EU extends ban on Russian bird imports

The European Union today said it was extending a ban on the importation of pet birds and feathers to cover most of Russia.

The European Union today said it was extending a ban on the importation of pet birds and feathers to cover most of Russia.

EU spokeswoman Pia Ahrenkilde Hansen added that preliminary tests by its reference laboratory on a Greek island bird flu sample were negative for the H5 strain, but said more tests were needed.

She said EU veterinary experts meeting at EU headquarters in Brussels “endorsed a ban on imports of pet birds and feathers from Siberia to cover the whole territory of Russia, with the exception of Kaliningrad, Leningrad, Karelia, Murmansk and St. Petersberg”.

The decision came after Moscow informed the EU that bird flu had reached western Russia with an outbreak in a village 200 miles south of the capital.

“We yesterday received confirmation by the Russian veterinary authorities of an outbreak of avian influenza H5N1, in the region of Tula, south of Moscow,” Ahrenkilde Hansen said. “The geographical scope of that decision has been decided on the basis of a risk assessment which has been carried out by the Commission and the member states,” she said, adding the measures will stay in place for six months.

Russian officials were conducting further tests to determine if it was the same lethal strain of H5N1 found further east, in Siberia, in July and across Asia, where 60 people have died since 2003 from bird flu.

Ahrenkilde Hansen also said that the EU’s reference laboratory in Weybridge, had received a sample from Greece, but said a first test of that sample was found to be negative for the deadly H5N1 strain of avian influenza.

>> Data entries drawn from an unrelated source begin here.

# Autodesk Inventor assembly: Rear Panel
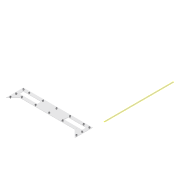
[picture p0: Inventor's stored thumbnail of the model, 180x180]
Saved by Autodesk Inventor 2017 (Build 210142000, 142)
## iProperties
Created: 2016-08-02
Part Number: Rear Panel
Document SubType Name: Assembly
Designer: User
Author: User
## Documents named in this file (3)
- C:\Autodesk\SL-Inventor\Rear Panel.iam
- C:\Autodesk\SL-Inventor\Acrylic-Back-Panel.ipt
- C:\Autodesk\SL-Inventor\BoltandTee.iam
## Components (16 placed, 2 different names)
1. Acrylic-Back-Panel:1
2. BoltandTee:1 [sub-assembly]
3. BoltandTee:2 [sub-assembly]
4. BoltandTee:3 [sub-assembly]
5. BoltandTee:4 [sub-assembly]
6. BoltandTee:5 [sub-assembly]
7. BoltandTee:6 [sub-assembly]
8. BoltandTee:7 [sub-assembly]
9. BoltandTee:8 [sub-assembly]
10. BoltandTee:9 [sub-assembly]
11. BoltandTee:10 [sub-assembly]
12. BoltandTee:11 [sub-assembly]
13. BoltandTee:12 [sub-assembly]
14. BoltandTee:13 [sub-assembly]
15. BoltandTee:14 [sub-assembly]
16. BoltandTee:15 [sub-assembly]
## Relationships (15: Insert 15)
- [Insert]: Acrylic-Back-Panel:1 ↔ BoltandTee:15
- [Insert]: Acrylic-Back-Panel:1 ↔ BoltandTee:14
- [Insert]: Acrylic-Back-Panel:1 ↔ BoltandTee:13
- [Insert]: Acrylic-Back-Panel:1 ↔ BoltandTee:12
- [Insert]: Acrylic-Back-Panel:1 ↔ BoltandTee:10
- [Insert]: Acrylic-Back-Panel:1 ↔ BoltandTee:11
- [Insert]: Acrylic-Back-Panel:1 ↔ BoltandTee:8
- [Insert]: Acrylic-Back-Panel:1 ↔ BoltandTee:9
- [Insert]: Acrylic-Back-Panel:1 ↔ BoltandTee:6
- [Insert]: Acrylic-Back-Panel:1 ↔ BoltandTee:7
- [Insert]: Acrylic-Back-Panel:1 ↔ BoltandTee:5
- [Insert]: Acrylic-Back-Panel:1 ↔ BoltandTee:4
- [Insert]: Acrylic-Back-Panel:1 ↔ BoltandTee:1
- [Insert]: Acrylic-Back-Panel:1 ↔ BoltandTee:2
- [Insert]: Acrylic-Back-Panel:1 ↔ BoltandTee:3
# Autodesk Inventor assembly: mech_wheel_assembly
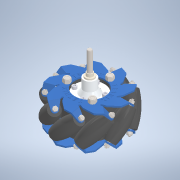
[picture p0: Inventor's stored thumbnail of the model, 180x180]
Saved by Autodesk Inventor 2020 (Build 240168000, 168)
## iProperties
Created: 2019-09-11
Part Number: mech_wheel_assembly
Document SubType Name: Assembly
Designer: tbloo
Author: tbloo
## Documents named in this file (4)
- D:\Documents\GitHub\AO_Robotics\CAD\Projects\Timothy Bloot\mech_wheel_assembly.iam
- D:\Documents\GitHub\AO_Robotics\CAD\Parts Kits\FTC Tetrix KOP Organized (7-24-19)\Wheel\Mechanum Wheel\left_a_mecanum wheel.ipt
- D:\Documents\GitHub\AO_Robotics\CAD\Parts Kits\FTC Tetrix KOP Organized (7-24-19)\Axle Hardware\Tetrix_40225-80mm.ipt
- D:\Documents\GitHub\AO_Robotics\CAD\Parts Kits\FTC Tetrix KOP Organized (7-24-19)\Axle Hardware\AM_6mm_Bushing.ipt
## Components (3 placed, 3 different names)
1. left_a_mecanum wheel:1 — Rigid:1, Rotational:1
2. Tetrix_40225-80mm:1 — Rigid:1
3. AM_6mm_Bushing:1 — Rotational:1
## Relationships (2: WeldJoint 1, RevoluteJoint 1)
- Rigid:1 [WeldJoint]: left_a_mecanum wheel:1 ↔ Tetrix_40225-80mm:1
- Rotational:1 [RevoluteJoint]: left_a_mecanum wheel:1 ↔ AM_6mm_Bushing:1
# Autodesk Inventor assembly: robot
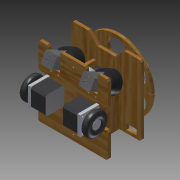
[picture p0: Inventor's stored thumbnail of the model, 180x180]
Saved by Autodesk Inventor 2013 (Build 170138000, 138)
## iProperties
Created: 2013-07-24
Part Number: robot
Document SubType Name: Assembly
Designer: dkboone
Author: dkboone
## Documents named in this file (11)
- J:\groups\theresistors\Inventor\robot.iam
- J:\groups\theresistors\Inventor\base.ipt
- J:\groups\theresistors\Inventor\wheel_assembly.iam
- J:\groups\theresistors\Inventor\carousel_base.ipt
- J:\groups\theresistors\Inventor\carousel.ipt
- J:\groups\theresistors\Inventor\ping_pong_ball.ipt
- J:\groups\theresistors\Inventor\launcher_assembly.iam
- J:\groups\theresistors\Inventor\stepper_short.ipt
- J:\groups\theresistors\Inventor\chute_wall.ipt
- J:\groups\theresistors\Inventor\chute_back.ipt
- J:\groups\theresistors\Inventor\carousel_hub.ipt
## Components (14 placed, 10 different names)
1. base:1 — Mate:1, Mate:2, Mate:3, Mate:4, Mate:5, Mate:6, Angle:4, Angle:5, Mate:13, Mate:14, Mate:15, Mate:16, Flush:8, Flush:9, Mate:17, Flush:10, Flush:12, Flush:13
2. wheel_assembly:1 [sub-assembly] — Mate:1, Mate:2, Mate:3
3. wheel_assembly:2 [sub-assembly] — Mate:4, Mate:5, Mate:6
4. carousel_base:1 — Mate:8, Mate:21, Flush:12, Flush:13
5. carousel:1 — Mate:8, Mate:10, Mate:22
6. ping_pong_ball:1 — Mate:10
7. ping_pong_ball:2
8. stepper_short:1 — Mate:23
9. launcher_assembly:1 [sub-assembly] — Angle:4, Mate:13, Flush:6, Flush:7
10. launcher_assembly:2 [sub-assembly] — Angle:5, Flush:6, Mate:14, Flush:7, Mate:15
11. chute_wall:1 — Mate:16, Flush:8, Flush:9, Mate:18, Mate:19, Flush:11, Mate:21
12. chute_wall:2 — Mate:17, Flush:10, Mate:18, Mate:20
13. chute_back:1 — Mate:19, Mate:20, Flush:11
14. carousel_hub:1 — Mate:22, Mate:23
## Relationships (29: Mate 19, Flush 8, Angle 2)
- Mate:1: base:1 ↔ wheel_assembly:1
- Mate:2: base:1 ↔ wheel_assembly:1
- Mate:3: base:1 ↔ wheel_assembly:1
- Mate:4: base:1 ↔ wheel_assembly:2
- Mate:5: base:1 ↔ wheel_assembly:2
- Mate:6: base:1 ↔ wheel_assembly:2
- Mate:8 (16.764 mm): carousel_base:1 ↔ carousel:1
- Mate:10: carousel:1 ↔ ping_pong_ball:1
- Angle:4 (-118 deg): base:1 ↔ launcher_assembly:1
- Angle:5 (-118 deg): base:1 ↔ launcher_assembly:2
- Mate:13: base:1 ↔ launcher_assembly:1
- Flush:6: launcher_assembly:1 ↔ launcher_assembly:2
- Mate:14: base:1 ↔ launcher_assembly:2
- Flush:7: launcher_assembly:1 ↔ launcher_assembly:2
- Mate:15: base:1 ↔ launcher_assembly:2
- Mate:16: base:1 ↔ chute_wall:1
- Flush:8: base:1 ↔ chute_wall:1
- Flush:9 (-47.625 mm): base:1 ↔ chute_wall:1
- Mate:17: base:1 ↔ chute_wall:2
- Flush:10: base:1 ↔ chute_wall:2
- Mate:18 (44.45 mm): chute_wall:1 ↔ chute_wall:2
- Mate:19: chute_wall:1 ↔ chute_back:1
- Mate:20: chute_wall:2 ↔ chute_back:1
- Flush:11: chute_wall:1 ↔ chute_back:1
- Mate:21: carousel_base:1 ↔ chute_wall:1
- Flush:12: base:1 ↔ carousel_base:1
- Flush:13: base:1 ↔ carousel_base:1
- Mate:22: carousel:1 ↔ carousel_hub:1
- Mate:23: stepper_short:1 ↔ carousel_hub:1
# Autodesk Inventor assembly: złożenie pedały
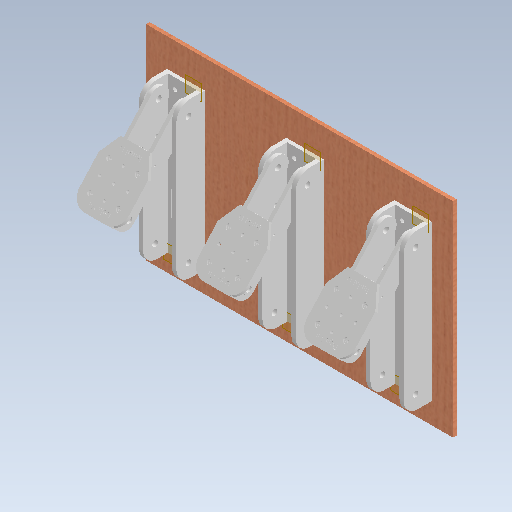
[picture p0: Inventor's stored thumbnail of the model, 512x512]
Saved by Autodesk Inventor 2021 (Build 250183000, 183)
## iProperties
Created: 2022-04-14
Part Number: złożenie pedały
Document SubType Name: Assembly
Designer: Łukasz
Author: Łukasz
## Documents named in this file (3)
- E:\Pliki inventor i stl\motion platform\złożenie pedały.iam
- E:\Pliki inventor i stl\motion platform\podstawa pod gaz.ipt
- E:\Pliki inventor i stl\motion platform\złożenie gaz.iam
## Components (4 placed, 2 different names)
1. podstawa pod gaz:1 — Mate:1, Flush:1, Flush:2, Mate:2, Flush:3, Flush:4, Mate:3, Flush:5
2. złożenie gaz:1 [sub-assembly] — Mate:1, Flush:1, Flush:2
3. złożenie gaz:2 [sub-assembly] — Mate:2, Flush:3, Flush:4, Mate:4
4. złożenie gaz:3 [sub-assembly] — Mate:3, Flush:5, Mate:4
## Relationships (9: Flush 5, Mate 4)
- Mate:1: podstawa pod gaz:1 ↔ złożenie gaz:1
- Flush:1 (30 mm): podstawa pod gaz:1 ↔ złożenie gaz:1
- Flush:2 (30 mm): podstawa pod gaz:1 ↔ złożenie gaz:1
- Mate:2: podstawa pod gaz:1 ↔ złożenie gaz:2
- Flush:3 (30 mm): podstawa pod gaz:1 ↔ złożenie gaz:2
- Flush:4 (30 mm): podstawa pod gaz:1 ↔ złożenie gaz:2
- Mate:3: podstawa pod gaz:1 ↔ złożenie gaz:3
- Flush:5 (30 mm): podstawa pod gaz:1 ↔ złożenie gaz:3
- Mate:4 (100 mm): złożenie gaz:2 ↔ złożenie gaz:3

“A preliminary test was carried out on that sample which proved negative,” she said, but said further tests would be carried out to see whether the suspected outbreak on a Greek island was of the H5 strain.

“The Commission has indeed asked for further samples to be sent for testing,” she said.

Greece has said a case of bird flu on a remote Aegean island had been narrowed to the H5 type.

The Commission sent three EU experts to Greece yesterday to help in identifying the flu strain.

Romania said yesterday that tests confirmed the deadly H5N1 bird flu strain in a second location in Romania’s eastern Danube Delta region.

EU veterinary experts were discussing whether the H5N1 bird flu strain was spreading further across Europe, after Macedonia sent suspicious samples for testing in EU laboratories.

The experts, drawn from across the 25-nation bloc, were assessing the latest developments in tracking the bird disease and preventing its spread in Europe, officials said.

Last week, the experts adopted new recommendations calling for stepped up monitoring of wetlands and parks to better catch any suspected cases among wild bird flocks, which are being blamed for bringing bird flu to Europe. They left it up to national authorities to decide on whether to ban farmed poultry from going outside.

Austria’s government banned allowing chickens to run free, and ordered the birds to be kept in barns or stalls to minimise the risk of bird flu. German authorities have taken similar steps.

EU health ministers were to hold talks near London tomorrow to assess the risk of a possible flu pandemic and to discuss preparations.